Overall, the work has underlined his belief that many more men would want to be teachers if they did not feel they had to sacrifice in the process.
“My only fear is that we are recruiting men for these spaces. And in some cases, their coworkers, especially women, unconsciously continue to protect this outdated view of what masculinity is for them,” Vantine says. That could prolong the caricatures, rather than giving men a chance to express themselves (through the way they wear their hair, their nails, their clothes, their appearance) in the classroom.
Inviting the whole person into teaching, particularly male and gender nonconforming students, requires giving them the space to be authentically themselves, Vantine says. That has a benefit that will carry over to work and students, she adds.
Social thanks
For Jackson, the Fulton County teacher, part of his mission is to make sure students are socially polished. It's something that his own father instilled in him.

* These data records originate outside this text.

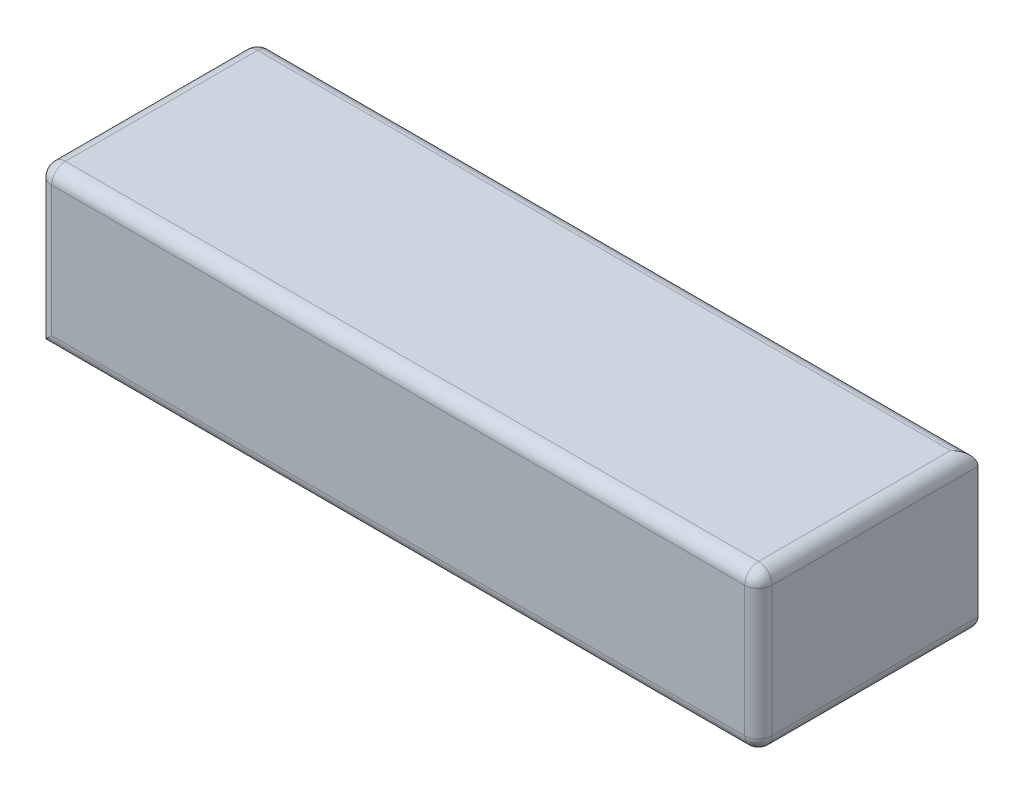
ISO-10303-21;
HEADER;
FILE_DESCRIPTION(('STEP AP214'),'2;1');
FILE_NAME('part.step','',(''),(''),'','','');
FILE_SCHEMA(('AUTOMOTIVE_DESIGN { 1 0 10303 214 1 1 1 1 }'));
ENDSEC;
DATA;
#1=APPLICATION_CONTEXT('core data for automotive mechanical design processes');
#2=APPLICATION_PROTOCOL_DEFINITION('international standard','automotive_design',2000,#1);
#3=PRODUCT_CONTEXT('',#1,'mechanical');
#4=PRODUCT('Part','Part','',(#3));
#5=PRODUCT_RELATED_PRODUCT_CATEGORY('part','',(#4));
#6=PRODUCT_DEFINITION_FORMATION('','',#4);
#7=PRODUCT_DEFINITION_CONTEXT('part definition',#1,'design');
#8=PRODUCT_DEFINITION('design','',#6,#7);
#9=PRODUCT_DEFINITION_SHAPE('','',#8);
#10=(LENGTH_UNIT() NAMED_UNIT(*) SI_UNIT(.MILLI.,.METRE.));
#11=(NAMED_UNIT(*) PLANE_ANGLE_UNIT() SI_UNIT($,.RADIAN.));
#12=(NAMED_UNIT(*) SI_UNIT($,.STERADIAN.) SOLID_ANGLE_UNIT());
#13=UNCERTAINTY_MEASURE_WITH_UNIT(LENGTH_MEASURE(1.E-05),#10,'distance_accuracy_value','');
#14=(GEOMETRIC_REPRESENTATION_CONTEXT(3) GLOBAL_UNCERTAINTY_ASSIGNED_CONTEXT((#13)) GLOBAL_UNIT_ASSIGNED_CONTEXT((#10,
#11,#12)) REPRESENTATION_CONTEXT('',''));
#15=CARTESIAN_POINT('',(0.,0.,0.));
#16=DIRECTION('',(0.,0.,1.));
#17=DIRECTION('',(1.,0.,0.));
#18=AXIS2_PLACEMENT_3D('',#15,#16,#17);
#19=CARTESIAN_POINT('',(52.5,23.,16.));
#20=DIRECTION('',(-1.,0.,0.));
#21=DIRECTION('',(0.,0.,1.));
#22=AXIS2_PLACEMENT_3D('',#19,#20,#21);
#23=PLANE('',#22);
#24=DIRECTION('',(0.,-1.,0.));
#25=VECTOR('',#24,1.);
#26=CARTESIAN_POINT('',(52.5,23.,-16.));
#27=LINE('',#26,#25);
#28=CARTESIAN_POINT('',(52.5,21.,-16.));
#29=VERTEX_POINT('',#28);
#30=CARTESIAN_POINT('',(52.5,2.,-16.));
#31=VERTEX_POINT('',#30);
#32=EDGE_CURVE('E138',#29,#31,#27,.T.);
#33=ORIENTED_EDGE('',*,*,#32,.F.);
#34=DIRECTION('',(0.,0.,-1.));
#35=VECTOR('',#34,1.);
#36=CARTESIAN_POINT('',(52.5,21.,16.));
#37=LINE('',#36,#35);
#38=CARTESIAN_POINT('',(52.5,21.,14.));
#39=VERTEX_POINT('',#38);
#40=EDGE_CURVE('E173',#29,#39,#37,.F.);
#41=ORIENTED_EDGE('',*,*,#40,.T.);
#42=DIRECTION('',(0.,-1.,0.));
#43=VECTOR('',#42,1.);
#44=CARTESIAN_POINT('',(52.5,23.,14.));
#45=LINE('',#44,#43);
#46=CARTESIAN_POINT('',(52.5,2.,14.));
#47=VERTEX_POINT('',#46);
#48=EDGE_CURVE('E171',#39,#47,#45,.T.);
#49=ORIENTED_EDGE('',*,*,#48,.T.);
#50=DIRECTION('',(0.,0.,-1.));
#51=VECTOR('',#50,1.);
#52=CARTESIAN_POINT('',(52.5,2.,-16.));
#53=LINE('',#52,#51);
#54=EDGE_CURVE('E169',#47,#31,#53,.T.);
#55=ORIENTED_EDGE('',*,*,#54,.T.);
#56=EDGE_LOOP('',(#33,#41,#49,#55));
#57=FACE_BOUND('',#56,.T.);
#58=ADVANCED_FACE('F32',(#57),#23,.F.);
#59=CARTESIAN_POINT('',(-52.5,23.,-16.));
#60=DIRECTION('',(0.,0.,1.));
#61=DIRECTION('',(1.,0.,0.));
#62=AXIS2_PLACEMENT_3D('',#59,#60,#61);
#63=PLANE('',#62);
#64=DIRECTION('',(0.,-1.,0.));
#65=VECTOR('',#64,1.);
#66=CARTESIAN_POINT('',(-50.5,23.,-16.));
#67=LINE('',#66,#65);
#68=CARTESIAN_POINT('',(-50.5,2.,-16.));
#69=VERTEX_POINT('',#68);
#70=CARTESIAN_POINT('',(-50.5,21.,-16.));
#71=VERTEX_POINT('',#70);
#72=EDGE_CURVE('E164',#69,#71,#67,.F.);
#73=ORIENTED_EDGE('',*,*,#72,.T.);
#74=DIRECTION('',(-1.,0.,0.));
#75=VECTOR('',#74,1.);
#76=CARTESIAN_POINT('',(-52.5,21.,-16.));
#77=LINE('',#76,#75);
#78=EDGE_CURVE('E166',#71,#29,#77,.F.);
#79=ORIENTED_EDGE('',*,*,#78,.T.);
#80=ORIENTED_EDGE('',*,*,#32,.T.);
#81=DIRECTION('',(-1.,0.,0.));
#82=VECTOR('',#81,1.);
#83=CARTESIAN_POINT('',(-52.5,2.,-16.));
#84=LINE('',#83,#82);
#85=EDGE_CURVE('E162',#31,#69,#84,.T.);
#86=ORIENTED_EDGE('',*,*,#85,.T.);
#87=EDGE_LOOP('',(#73,#79,#80,#86));
#88=FACE_BOUND('',#87,.T.);
#89=ADVANCED_FACE('F260',(#88),#63,.F.);
#90=CARTESIAN_POINT('',(-52.5,23.,16.));
#91=DIRECTION('',(1.,0.,0.));
#92=DIRECTION('',(0.,0.,-1.));
#93=AXIS2_PLACEMENT_3D('',#90,#91,#92);
#94=PLANE('',#93);
#95=DIRECTION('',(0.,0.,1.));
#96=VECTOR('',#95,1.);
#97=CARTESIAN_POINT('',(-52.5,21.,16.));
#98=LINE('',#97,#96);
#99=CARTESIAN_POINT('',(-52.5,21.,14.));
#100=VERTEX_POINT('',#99);
#101=CARTESIAN_POINT('',(-52.5,21.,-14.));
#102=VERTEX_POINT('',#101);
#103=EDGE_CURVE('E157',#100,#102,#98,.F.);
#104=ORIENTED_EDGE('',*,*,#103,.T.);
#105=DIRECTION('',(0.,-1.,0.));
#106=VECTOR('',#105,1.);
#107=CARTESIAN_POINT('',(-52.5,23.,-14.));
#108=LINE('',#107,#106);
#109=CARTESIAN_POINT('',(-52.5,0.,-14.));
#110=VERTEX_POINT('',#109);
#111=EDGE_CURVE('E160',#102,#110,#108,.T.);
#112=ORIENTED_EDGE('',*,*,#111,.T.);
#113=DIRECTION('',(0.,0.,1.));
#114=VECTOR('',#113,1.);
#115=CARTESIAN_POINT('',(-52.5,0.,16.));
#116=LINE('',#115,#114);
#117=CARTESIAN_POINT('',(-52.5,0.,14.));
#118=VERTEX_POINT('',#117);
#119=EDGE_CURVE('E209',#110,#118,#116,.T.);
#120=ORIENTED_EDGE('',*,*,#119,.T.);
#121=DIRECTION('',(0.,-1.,0.));
#122=VECTOR('',#121,1.);
#123=CARTESIAN_POINT('',(-52.5,23.,14.));
#124=LINE('',#123,#122);
#125=EDGE_CURVE('E155',#118,#100,#124,.F.);
#126=ORIENTED_EDGE('',*,*,#125,.T.);
#127=EDGE_LOOP('',(#104,#112,#120,#126));
#128=FACE_BOUND('',#127,.T.);
#129=ADVANCED_FACE('F262',(#128),#94,.F.);
#130=CARTESIAN_POINT('',(-52.5,23.,16.));
#131=DIRECTION('',(0.,0.,-1.));
#132=DIRECTION('',(-1.,0.,0.));
#133=AXIS2_PLACEMENT_3D('',#130,#131,#132);
#134=PLANE('',#133);
#135=DIRECTION('',(0.,-1.,0.));
#136=VECTOR('',#135,1.);
#137=CARTESIAN_POINT('',(50.5,23.,16.));
#138=LINE('',#137,#136);
#139=CARTESIAN_POINT('',(50.5,2.,16.));
#140=VERTEX_POINT('',#139);
#141=CARTESIAN_POINT('',(50.5,21.,16.));
#142=VERTEX_POINT('',#141);
#143=EDGE_CURVE('E144',#140,#142,#138,.F.);
#144=ORIENTED_EDGE('',*,*,#143,.T.);
#145=DIRECTION('',(1.,0.,0.));
#146=VECTOR('',#145,1.);
#147=CARTESIAN_POINT('',(-52.5,21.,16.));
#148=LINE('',#147,#146);
#149=CARTESIAN_POINT('',(-50.5,21.,16.));
#150=VERTEX_POINT('',#149);
#151=EDGE_CURVE('E116',#142,#150,#148,.F.);
#152=ORIENTED_EDGE('',*,*,#151,.T.);
#153=DIRECTION('',(0.,-1.,0.));
#154=VECTOR('',#153,1.);
#155=CARTESIAN_POINT('',(-50.5,23.,16.));
#156=LINE('',#155,#154);
#157=CARTESIAN_POINT('',(-50.5,2.,16.));
#158=VERTEX_POINT('',#157);
#159=EDGE_CURVE('E152',#150,#158,#156,.T.);
#160=ORIENTED_EDGE('',*,*,#159,.T.);
#161=DIRECTION('',(1.,0.,0.));
#162=VECTOR('',#161,1.);
#163=CARTESIAN_POINT('',(52.5,2.,16.));
#164=LINE('',#163,#162);
#165=EDGE_CURVE('E146',#158,#140,#164,.T.);
#166=ORIENTED_EDGE('',*,*,#165,.T.);
#167=EDGE_LOOP('',(#144,#152,#160,#166));
#168=FACE_BOUND('',#167,.T.);
#169=ADVANCED_FACE('F241',(#168),#134,.F.);
#170=CARTESIAN_POINT('',(0.,23.,0.));
#171=DIRECTION('',(0.,-1.,0.));
#172=DIRECTION('',(0.,0.,-1.));
#173=AXIS2_PLACEMENT_3D('',#170,#171,#172);
#174=PLANE('',#173);
#175=DIRECTION('',(0.,0.,1.));
#176=VECTOR('',#175,1.);
#177=CARTESIAN_POINT('',(-50.5,23.,0.));
#178=LINE('',#177,#176);
#179=CARTESIAN_POINT('',(-50.5,23.,-14.));
#180=VERTEX_POINT('',#179);
#181=CARTESIAN_POINT('',(-50.5,23.,14.));
#182=VERTEX_POINT('',#181);
#183=EDGE_CURVE('E142',#180,#182,#178,.T.);
#184=ORIENTED_EDGE('',*,*,#183,.T.);
#185=DIRECTION('',(1.,0.,0.));
#186=VECTOR('',#185,1.);
#187=CARTESIAN_POINT('',(0.,23.,14.));
#188=LINE('',#187,#186);
#189=CARTESIAN_POINT('',(50.5,23.,14.));
#190=VERTEX_POINT('',#189);
#191=EDGE_CURVE('E114',#182,#190,#188,.T.);
#192=ORIENTED_EDGE('',*,*,#191,.T.);
#193=DIRECTION('',(0.,0.,-1.));
#194=VECTOR('',#193,1.);
#195=CARTESIAN_POINT('',(50.5,23.,0.));
#196=LINE('',#195,#194);
#197=CARTESIAN_POINT('',(50.5,23.,-14.));
#198=VERTEX_POINT('',#197);
#199=EDGE_CURVE('E131',#190,#198,#196,.T.);
#200=ORIENTED_EDGE('',*,*,#199,.T.);
#201=DIRECTION('',(-1.,0.,0.));
#202=VECTOR('',#201,1.);
#203=CARTESIAN_POINT('',(0.,23.,-14.));
#204=LINE('',#203,#202);
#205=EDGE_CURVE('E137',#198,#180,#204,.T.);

When Jackson was a child, he says his father didn't allow him to use slang. That's why he makes sure students understand those social nuances, too:
“You can't say 'what?' if a teacher calls you by your name.”
“It's not 'yes, yes' or 'no'. It's 'No, sir' or 'Yes, ma'am'. .”
Jackson carries the weight of his influence every day.
“I feel sorry for the young people,” he says. “I have a lot of eyes on me, especially the young people who admire me. I have to lead by example. And I have to show them the way so that they can do the same when they are in my position.”
Will this finally push these students in the right direction?
It's something Jackson thinks about all the time: how to help students become educated, thoughtful, selfless men.
After all, he adds, “Isn't that the man the world needs?”